- Task requirements -
Start at the line with "Surface Area: 14.8668 cm^2" in the records below, stop at the line with "0) x (-1, 0, 0)", and return every line in that span exactly, the two end lines included.
Given data section start
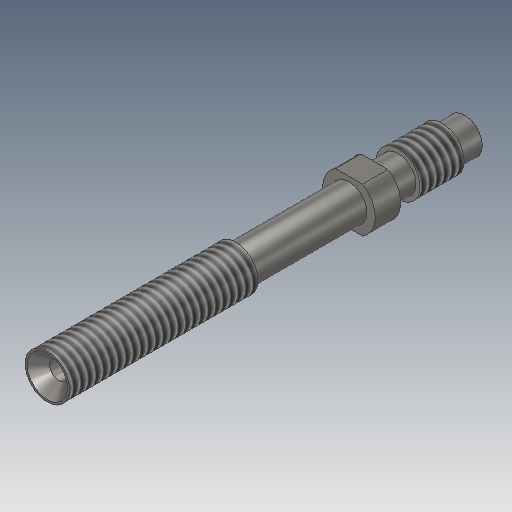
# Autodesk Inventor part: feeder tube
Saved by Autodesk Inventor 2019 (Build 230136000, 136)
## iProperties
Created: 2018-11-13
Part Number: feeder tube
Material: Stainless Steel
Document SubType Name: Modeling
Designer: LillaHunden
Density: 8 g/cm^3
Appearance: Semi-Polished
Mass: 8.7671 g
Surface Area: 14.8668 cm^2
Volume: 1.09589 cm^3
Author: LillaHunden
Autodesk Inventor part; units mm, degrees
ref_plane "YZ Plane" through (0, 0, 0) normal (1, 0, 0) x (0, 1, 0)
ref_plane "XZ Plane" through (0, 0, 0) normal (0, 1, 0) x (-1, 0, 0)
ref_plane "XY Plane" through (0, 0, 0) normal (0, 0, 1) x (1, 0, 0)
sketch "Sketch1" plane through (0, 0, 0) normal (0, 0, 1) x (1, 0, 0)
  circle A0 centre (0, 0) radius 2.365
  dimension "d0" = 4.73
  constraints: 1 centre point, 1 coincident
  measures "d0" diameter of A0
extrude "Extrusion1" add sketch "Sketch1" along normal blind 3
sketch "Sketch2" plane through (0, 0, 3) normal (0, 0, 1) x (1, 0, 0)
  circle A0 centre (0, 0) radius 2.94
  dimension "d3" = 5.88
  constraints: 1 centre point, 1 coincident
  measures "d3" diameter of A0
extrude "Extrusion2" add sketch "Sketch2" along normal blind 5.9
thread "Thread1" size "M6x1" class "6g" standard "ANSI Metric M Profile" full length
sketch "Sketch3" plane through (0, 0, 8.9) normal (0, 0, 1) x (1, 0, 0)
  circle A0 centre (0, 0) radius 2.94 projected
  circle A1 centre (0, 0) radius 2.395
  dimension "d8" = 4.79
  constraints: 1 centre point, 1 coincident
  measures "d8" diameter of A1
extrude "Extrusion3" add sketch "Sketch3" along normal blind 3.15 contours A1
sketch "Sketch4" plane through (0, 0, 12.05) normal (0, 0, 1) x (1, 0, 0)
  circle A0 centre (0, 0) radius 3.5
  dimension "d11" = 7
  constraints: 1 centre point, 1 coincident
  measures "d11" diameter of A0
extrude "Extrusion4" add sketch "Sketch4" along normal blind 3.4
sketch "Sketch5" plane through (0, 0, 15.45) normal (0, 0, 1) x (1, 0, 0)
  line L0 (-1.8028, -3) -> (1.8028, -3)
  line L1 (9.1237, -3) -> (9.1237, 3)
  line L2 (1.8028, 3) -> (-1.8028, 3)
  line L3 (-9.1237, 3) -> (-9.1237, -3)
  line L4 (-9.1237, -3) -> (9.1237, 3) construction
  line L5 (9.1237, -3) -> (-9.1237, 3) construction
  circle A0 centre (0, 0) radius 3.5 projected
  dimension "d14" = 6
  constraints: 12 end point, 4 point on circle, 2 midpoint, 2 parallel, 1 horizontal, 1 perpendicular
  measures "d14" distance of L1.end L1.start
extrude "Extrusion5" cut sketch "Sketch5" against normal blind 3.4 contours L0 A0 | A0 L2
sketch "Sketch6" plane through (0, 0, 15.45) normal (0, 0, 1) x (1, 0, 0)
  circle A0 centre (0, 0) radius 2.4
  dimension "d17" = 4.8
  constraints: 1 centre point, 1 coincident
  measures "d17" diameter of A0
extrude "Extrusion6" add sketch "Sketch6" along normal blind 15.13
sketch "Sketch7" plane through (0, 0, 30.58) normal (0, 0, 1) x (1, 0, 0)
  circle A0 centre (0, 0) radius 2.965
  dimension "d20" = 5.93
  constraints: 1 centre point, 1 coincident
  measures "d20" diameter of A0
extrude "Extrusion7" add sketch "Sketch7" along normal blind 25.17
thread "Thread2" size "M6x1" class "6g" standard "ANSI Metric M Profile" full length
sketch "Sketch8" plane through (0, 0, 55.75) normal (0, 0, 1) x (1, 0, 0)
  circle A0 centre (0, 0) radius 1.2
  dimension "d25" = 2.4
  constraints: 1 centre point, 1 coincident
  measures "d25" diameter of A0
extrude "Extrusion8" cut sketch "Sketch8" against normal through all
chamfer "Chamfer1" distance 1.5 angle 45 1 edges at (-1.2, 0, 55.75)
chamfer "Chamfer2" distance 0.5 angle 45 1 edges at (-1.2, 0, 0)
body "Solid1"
Given data section end
- Task output -
Surface Area: 14.8668 cm^2
Volume: 1.09589 cm^3
Author: LillaHunden
Autodesk Inventor part; units mm, degrees
ref_plane "YZ Plane" through (0, 0, 0) normal (1, 0, 0) x (0, 1, 0)
ref_plane "XZ Plane" through (0, 0, 0) normal (0, 1, 0) x (-1, 0, 0)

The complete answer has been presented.